One pound of sardines — seven nice sturdy very fresh fish — bought two days ago at Monterey Fish when we were down in Berkeley. We absolutely trust this company: it's one of the very few things we miss from Berkeley, ten years after moving away.

Cleaning them this afternoon was the work of ten or twelve minutes. I should have grilled them over vine cuttings on the hibachi, but I was too lazy, or it was too cold, or something. Instead, Lindsey grilled them under the broiler. Salt and a squeeze of lemon juice, and a baked potato alongside, dressed with olive oil and salt and pepper. Green salad? How could you ask?
Cheap Pinot grigio

Thursday, January 29, 2009


Eastside Road, Healdsburg, January 29, 2009

THE SEEMINGLY SIMPLEST of foods raise the most complex issues. Grains, for example: we all know about wheat, which most of us think of as our daily bread; the commonest of all the grains. For breakfast we often have two varieties, the soft white and the hard red "winter" wheat.

Then there's what we always call by its Italian name, farro, Triticum dicoccon, in English "emmer". This was well known in Rome; Pliny wrote about it, according to an interesting Wikipedia entry. I think we first tasted it near Lucca, at the memorable restaurant Il Vipore, where I understood that in fact it was the wheat of ancient Rome; the common bread wheats we know today hadn't yet developed, with their six sets of chromosomes. (Farro makes do with four; its even earlier ancestor Einkorn, the wild wheat from which all others have descended, with only two.)
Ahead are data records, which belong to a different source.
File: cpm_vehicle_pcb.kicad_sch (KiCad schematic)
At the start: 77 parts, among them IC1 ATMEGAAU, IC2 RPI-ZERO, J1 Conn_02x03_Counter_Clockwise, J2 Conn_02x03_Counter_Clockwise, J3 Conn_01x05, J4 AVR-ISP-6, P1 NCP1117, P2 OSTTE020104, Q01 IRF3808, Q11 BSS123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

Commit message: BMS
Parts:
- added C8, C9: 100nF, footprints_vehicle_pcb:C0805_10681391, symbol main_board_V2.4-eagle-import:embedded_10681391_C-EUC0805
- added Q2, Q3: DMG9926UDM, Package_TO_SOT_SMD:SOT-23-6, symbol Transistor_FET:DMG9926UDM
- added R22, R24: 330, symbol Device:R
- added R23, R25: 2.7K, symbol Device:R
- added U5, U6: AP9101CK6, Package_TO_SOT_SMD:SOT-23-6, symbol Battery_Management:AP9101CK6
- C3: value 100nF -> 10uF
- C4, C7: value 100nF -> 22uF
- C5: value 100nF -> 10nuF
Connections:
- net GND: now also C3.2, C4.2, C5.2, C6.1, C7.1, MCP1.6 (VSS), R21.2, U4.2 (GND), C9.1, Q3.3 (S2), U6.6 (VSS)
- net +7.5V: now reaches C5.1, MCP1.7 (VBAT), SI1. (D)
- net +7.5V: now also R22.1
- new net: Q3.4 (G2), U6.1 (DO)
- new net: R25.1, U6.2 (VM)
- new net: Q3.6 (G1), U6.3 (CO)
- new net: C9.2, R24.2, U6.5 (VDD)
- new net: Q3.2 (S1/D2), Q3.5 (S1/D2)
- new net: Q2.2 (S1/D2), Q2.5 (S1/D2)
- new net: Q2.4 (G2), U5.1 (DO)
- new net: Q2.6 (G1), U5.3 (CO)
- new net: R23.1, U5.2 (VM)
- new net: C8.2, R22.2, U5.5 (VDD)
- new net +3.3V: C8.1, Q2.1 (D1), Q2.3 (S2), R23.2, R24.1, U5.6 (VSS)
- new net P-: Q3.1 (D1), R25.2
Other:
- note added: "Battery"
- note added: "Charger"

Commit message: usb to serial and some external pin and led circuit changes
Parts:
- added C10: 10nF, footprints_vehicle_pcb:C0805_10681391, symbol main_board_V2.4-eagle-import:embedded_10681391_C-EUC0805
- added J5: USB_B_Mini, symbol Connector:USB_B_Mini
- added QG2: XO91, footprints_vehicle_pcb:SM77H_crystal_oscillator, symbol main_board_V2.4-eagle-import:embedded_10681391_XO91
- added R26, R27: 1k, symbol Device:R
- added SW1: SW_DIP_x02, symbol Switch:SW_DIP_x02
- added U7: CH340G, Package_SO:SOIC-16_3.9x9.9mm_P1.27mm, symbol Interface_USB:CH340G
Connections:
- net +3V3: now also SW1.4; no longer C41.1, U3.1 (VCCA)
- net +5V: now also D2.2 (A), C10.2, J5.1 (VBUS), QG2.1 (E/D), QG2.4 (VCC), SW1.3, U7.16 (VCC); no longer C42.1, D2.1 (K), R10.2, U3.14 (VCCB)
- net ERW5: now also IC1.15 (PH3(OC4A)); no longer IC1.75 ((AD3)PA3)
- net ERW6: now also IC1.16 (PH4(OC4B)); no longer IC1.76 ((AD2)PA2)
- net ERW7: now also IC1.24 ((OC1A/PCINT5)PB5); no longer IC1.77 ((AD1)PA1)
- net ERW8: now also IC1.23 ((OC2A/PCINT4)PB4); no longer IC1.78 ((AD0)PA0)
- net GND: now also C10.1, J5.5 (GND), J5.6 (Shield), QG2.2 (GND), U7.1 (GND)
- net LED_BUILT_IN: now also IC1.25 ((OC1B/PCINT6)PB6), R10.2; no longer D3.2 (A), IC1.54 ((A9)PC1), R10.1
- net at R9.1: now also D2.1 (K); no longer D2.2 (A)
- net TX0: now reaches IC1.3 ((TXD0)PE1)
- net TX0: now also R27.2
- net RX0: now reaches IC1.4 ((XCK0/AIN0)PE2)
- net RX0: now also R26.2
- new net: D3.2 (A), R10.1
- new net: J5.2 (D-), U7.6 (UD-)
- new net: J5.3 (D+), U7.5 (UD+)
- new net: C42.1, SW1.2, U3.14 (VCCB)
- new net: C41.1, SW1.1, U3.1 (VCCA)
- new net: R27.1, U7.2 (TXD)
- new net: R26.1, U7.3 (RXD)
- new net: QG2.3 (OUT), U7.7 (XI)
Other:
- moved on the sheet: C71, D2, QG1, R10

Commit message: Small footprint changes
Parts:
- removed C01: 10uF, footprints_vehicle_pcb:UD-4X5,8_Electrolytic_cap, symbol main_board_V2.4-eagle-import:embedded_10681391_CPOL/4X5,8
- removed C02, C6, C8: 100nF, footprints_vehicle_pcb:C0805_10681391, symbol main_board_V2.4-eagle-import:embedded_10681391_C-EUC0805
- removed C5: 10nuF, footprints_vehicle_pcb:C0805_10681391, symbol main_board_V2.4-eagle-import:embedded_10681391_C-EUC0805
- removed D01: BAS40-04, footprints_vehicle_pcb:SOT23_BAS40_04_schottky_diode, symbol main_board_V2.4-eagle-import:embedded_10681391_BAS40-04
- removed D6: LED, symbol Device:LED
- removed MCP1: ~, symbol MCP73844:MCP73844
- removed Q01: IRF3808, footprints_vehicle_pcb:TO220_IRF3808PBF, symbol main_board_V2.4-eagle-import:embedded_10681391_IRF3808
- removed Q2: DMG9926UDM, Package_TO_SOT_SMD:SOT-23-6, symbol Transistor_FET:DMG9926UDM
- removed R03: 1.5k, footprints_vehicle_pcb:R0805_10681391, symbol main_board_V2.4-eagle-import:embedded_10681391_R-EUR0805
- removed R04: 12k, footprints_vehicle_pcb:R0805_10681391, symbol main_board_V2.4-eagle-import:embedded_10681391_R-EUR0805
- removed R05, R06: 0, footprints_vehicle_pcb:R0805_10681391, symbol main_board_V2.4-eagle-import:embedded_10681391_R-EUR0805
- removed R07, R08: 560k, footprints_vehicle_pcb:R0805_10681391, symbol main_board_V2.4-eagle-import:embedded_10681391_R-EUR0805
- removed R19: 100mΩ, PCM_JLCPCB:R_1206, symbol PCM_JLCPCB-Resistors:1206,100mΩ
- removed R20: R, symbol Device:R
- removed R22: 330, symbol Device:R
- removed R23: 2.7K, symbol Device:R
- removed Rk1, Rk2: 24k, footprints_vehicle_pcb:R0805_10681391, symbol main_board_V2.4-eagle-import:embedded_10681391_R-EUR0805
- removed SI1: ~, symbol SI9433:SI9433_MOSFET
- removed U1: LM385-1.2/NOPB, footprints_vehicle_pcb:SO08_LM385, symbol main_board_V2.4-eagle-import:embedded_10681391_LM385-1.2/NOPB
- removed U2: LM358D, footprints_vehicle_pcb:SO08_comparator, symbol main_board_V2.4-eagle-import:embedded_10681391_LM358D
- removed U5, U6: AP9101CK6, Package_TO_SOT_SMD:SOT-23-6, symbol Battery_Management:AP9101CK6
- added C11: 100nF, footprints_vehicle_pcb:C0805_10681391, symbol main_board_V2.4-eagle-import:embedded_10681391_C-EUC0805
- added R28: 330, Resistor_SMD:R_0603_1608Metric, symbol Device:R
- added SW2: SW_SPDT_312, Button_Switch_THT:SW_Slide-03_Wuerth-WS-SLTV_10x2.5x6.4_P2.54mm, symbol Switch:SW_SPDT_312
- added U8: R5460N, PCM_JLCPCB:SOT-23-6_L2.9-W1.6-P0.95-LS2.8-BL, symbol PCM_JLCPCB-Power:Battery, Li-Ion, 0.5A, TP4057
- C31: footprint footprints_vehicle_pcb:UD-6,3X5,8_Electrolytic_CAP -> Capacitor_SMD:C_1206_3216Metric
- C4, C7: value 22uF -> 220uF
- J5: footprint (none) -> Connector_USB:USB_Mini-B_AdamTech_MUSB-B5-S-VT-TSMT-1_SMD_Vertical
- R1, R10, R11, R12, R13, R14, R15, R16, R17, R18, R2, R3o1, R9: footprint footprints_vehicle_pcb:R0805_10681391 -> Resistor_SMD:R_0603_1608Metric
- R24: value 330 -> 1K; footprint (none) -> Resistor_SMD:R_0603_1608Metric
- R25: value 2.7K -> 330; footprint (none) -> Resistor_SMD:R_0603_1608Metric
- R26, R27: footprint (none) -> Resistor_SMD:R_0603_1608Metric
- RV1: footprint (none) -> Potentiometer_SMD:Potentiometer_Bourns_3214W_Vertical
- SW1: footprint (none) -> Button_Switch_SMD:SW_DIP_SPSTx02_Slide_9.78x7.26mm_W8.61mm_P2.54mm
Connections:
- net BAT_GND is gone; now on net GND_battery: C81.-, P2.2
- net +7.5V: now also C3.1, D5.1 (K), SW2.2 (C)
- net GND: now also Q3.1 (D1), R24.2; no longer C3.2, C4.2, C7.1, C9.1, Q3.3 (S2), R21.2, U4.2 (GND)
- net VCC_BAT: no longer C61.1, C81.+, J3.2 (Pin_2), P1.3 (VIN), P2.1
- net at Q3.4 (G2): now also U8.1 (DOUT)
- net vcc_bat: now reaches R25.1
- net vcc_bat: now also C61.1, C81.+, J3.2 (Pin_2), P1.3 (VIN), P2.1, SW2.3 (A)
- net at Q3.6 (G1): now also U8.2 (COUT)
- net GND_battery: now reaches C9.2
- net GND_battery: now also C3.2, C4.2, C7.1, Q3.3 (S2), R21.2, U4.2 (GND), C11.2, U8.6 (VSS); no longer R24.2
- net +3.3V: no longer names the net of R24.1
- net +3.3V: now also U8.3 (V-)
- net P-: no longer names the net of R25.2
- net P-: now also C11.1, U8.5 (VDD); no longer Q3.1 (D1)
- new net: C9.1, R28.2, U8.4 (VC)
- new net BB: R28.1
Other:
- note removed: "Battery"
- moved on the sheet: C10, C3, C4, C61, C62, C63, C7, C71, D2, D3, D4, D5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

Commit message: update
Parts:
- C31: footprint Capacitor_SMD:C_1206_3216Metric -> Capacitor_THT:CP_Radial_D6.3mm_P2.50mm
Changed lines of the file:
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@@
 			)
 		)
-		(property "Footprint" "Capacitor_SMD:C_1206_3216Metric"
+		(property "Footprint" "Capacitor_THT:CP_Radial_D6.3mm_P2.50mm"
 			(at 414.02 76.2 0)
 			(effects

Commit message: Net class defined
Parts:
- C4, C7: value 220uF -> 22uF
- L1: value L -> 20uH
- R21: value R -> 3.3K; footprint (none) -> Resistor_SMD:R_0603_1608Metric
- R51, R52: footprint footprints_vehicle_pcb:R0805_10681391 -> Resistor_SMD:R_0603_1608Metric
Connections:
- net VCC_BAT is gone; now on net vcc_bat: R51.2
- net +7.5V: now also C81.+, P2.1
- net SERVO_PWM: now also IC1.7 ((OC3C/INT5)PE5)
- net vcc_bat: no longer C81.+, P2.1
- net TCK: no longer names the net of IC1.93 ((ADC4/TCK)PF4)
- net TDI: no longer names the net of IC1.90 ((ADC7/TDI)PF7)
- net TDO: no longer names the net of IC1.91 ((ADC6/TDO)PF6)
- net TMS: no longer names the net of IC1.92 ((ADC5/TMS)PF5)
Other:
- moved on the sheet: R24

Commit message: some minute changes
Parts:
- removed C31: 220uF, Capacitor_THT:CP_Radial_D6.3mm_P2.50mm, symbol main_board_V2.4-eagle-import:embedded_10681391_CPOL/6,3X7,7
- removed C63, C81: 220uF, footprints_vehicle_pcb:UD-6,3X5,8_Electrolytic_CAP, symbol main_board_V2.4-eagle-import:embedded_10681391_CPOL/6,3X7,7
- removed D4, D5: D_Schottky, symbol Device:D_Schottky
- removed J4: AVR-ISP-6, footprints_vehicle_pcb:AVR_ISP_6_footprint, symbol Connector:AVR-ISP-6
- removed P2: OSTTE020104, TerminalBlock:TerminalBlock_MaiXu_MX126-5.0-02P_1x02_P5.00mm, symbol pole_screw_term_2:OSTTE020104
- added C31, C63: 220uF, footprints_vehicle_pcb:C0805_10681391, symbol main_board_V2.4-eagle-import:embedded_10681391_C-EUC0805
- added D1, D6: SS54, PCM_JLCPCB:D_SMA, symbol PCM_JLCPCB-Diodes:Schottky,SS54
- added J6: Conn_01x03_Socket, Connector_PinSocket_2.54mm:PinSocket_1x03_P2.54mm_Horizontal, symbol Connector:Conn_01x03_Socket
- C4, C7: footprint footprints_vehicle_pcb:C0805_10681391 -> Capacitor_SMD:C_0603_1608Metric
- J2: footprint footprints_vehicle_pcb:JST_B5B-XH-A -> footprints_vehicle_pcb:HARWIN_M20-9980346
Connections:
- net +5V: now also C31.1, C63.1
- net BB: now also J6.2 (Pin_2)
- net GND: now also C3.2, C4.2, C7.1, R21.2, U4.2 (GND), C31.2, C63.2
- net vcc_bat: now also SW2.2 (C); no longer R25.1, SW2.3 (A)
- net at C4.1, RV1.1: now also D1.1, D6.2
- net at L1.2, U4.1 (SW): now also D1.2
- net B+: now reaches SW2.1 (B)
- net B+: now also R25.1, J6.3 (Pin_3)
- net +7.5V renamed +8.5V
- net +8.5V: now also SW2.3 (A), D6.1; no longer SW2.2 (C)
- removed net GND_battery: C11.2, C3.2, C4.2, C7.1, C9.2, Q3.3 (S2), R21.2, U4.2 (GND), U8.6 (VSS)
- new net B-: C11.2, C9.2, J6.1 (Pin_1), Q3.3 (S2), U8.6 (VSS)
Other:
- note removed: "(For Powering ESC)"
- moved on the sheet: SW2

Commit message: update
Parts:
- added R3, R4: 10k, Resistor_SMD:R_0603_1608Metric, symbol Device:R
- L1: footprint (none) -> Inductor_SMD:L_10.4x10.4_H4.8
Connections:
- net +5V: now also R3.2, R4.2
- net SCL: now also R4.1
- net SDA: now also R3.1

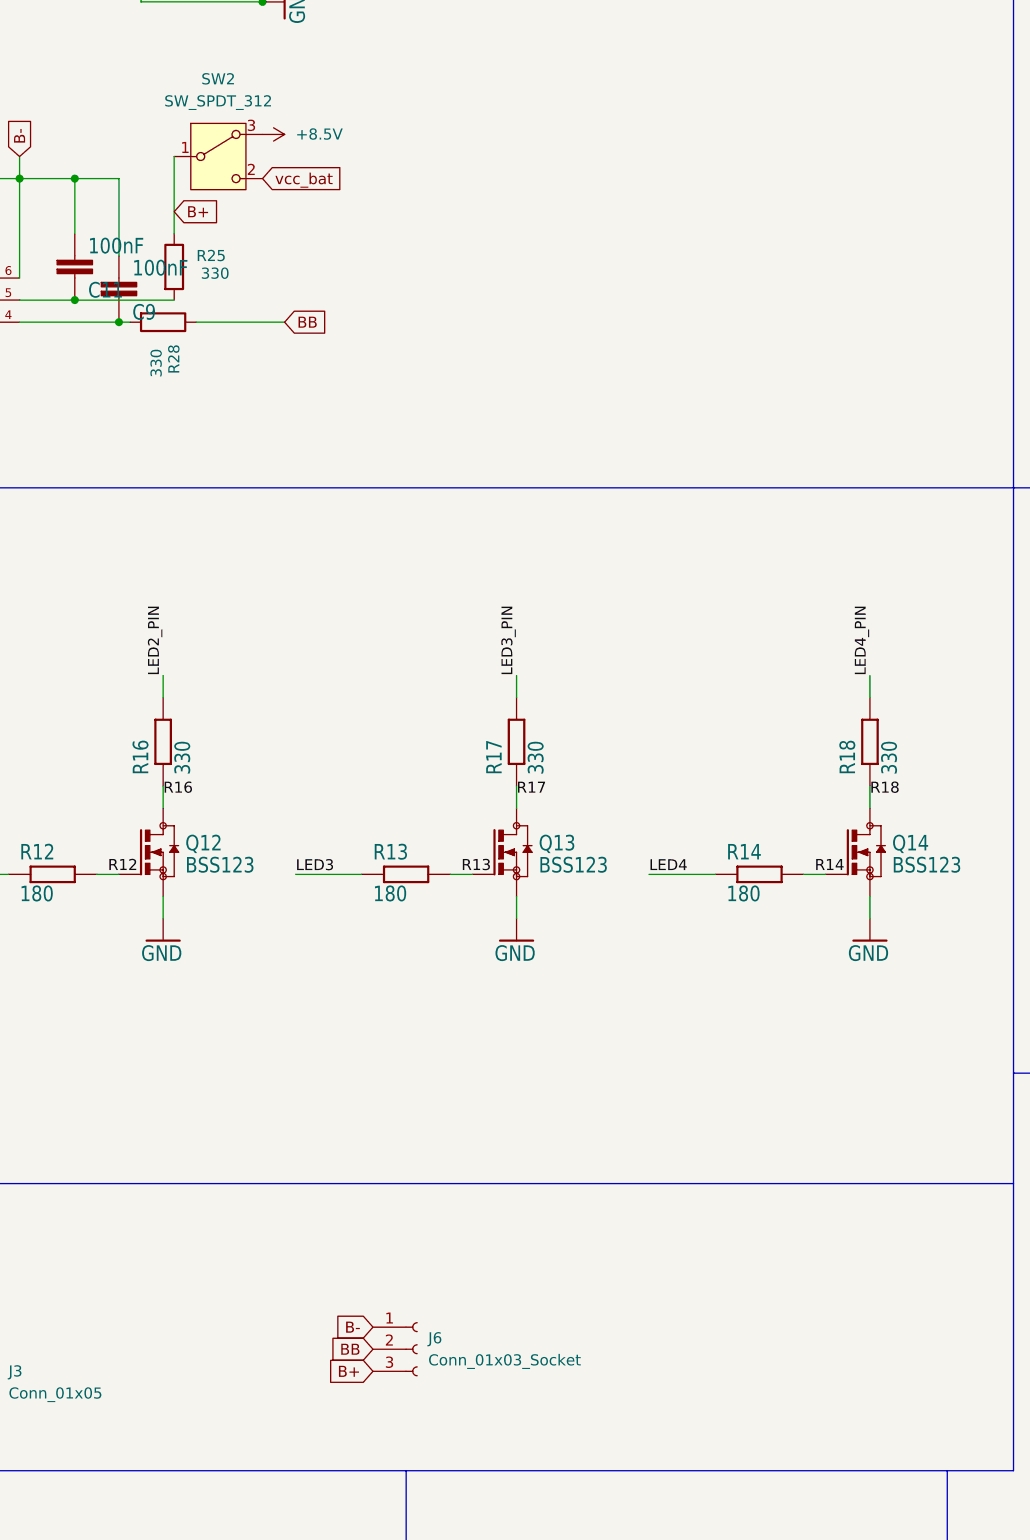
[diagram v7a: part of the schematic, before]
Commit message: Battery Protection Routing done
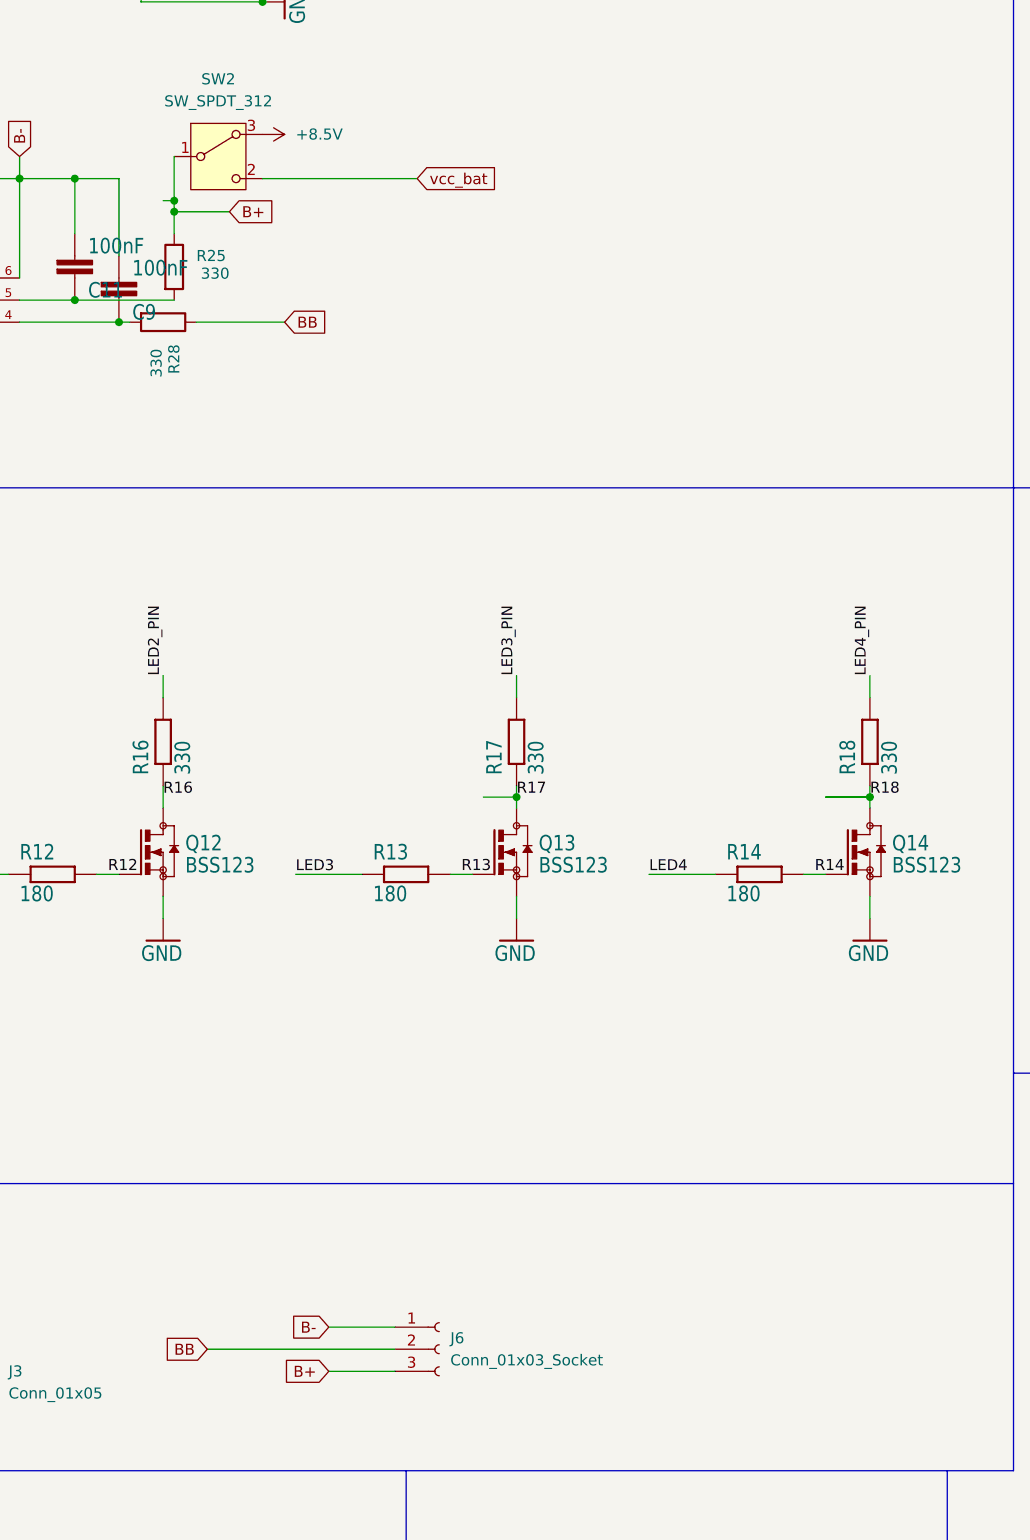
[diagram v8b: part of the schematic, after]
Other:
- moved on the sheet: J6

More than you may want to know, but fascinating. Anyway, today Lindsey roasted sliced leeks, cut into chunks say half an inch in size, on a sheet pan in a little olive oil, while the farro was cooking in the usual way, and combined them into a tasty pottage. The leeks, some roasted nearly black, took on the texture and substance of wild mushrooms, chewy and nutty. Delicious.
Cheap côtes de Ventoux 2006, "La ferme Julien"

E cammino, cammino…

  • Camino, 3917 Grand Ave., Oakland CA; tel. 510.547.5035

  • Eastside Road, Healdsburg, January 28, 2009
    THAT'S WHAT I always hear singing in my head when I think of Camino, opened six months ago or so. Well, etymologically it's excusable: Camino, with one "m", is Italian for "hearth"; camminare means "to walk," and I'm a walker. E cammino, cammino: And I walk, I walk…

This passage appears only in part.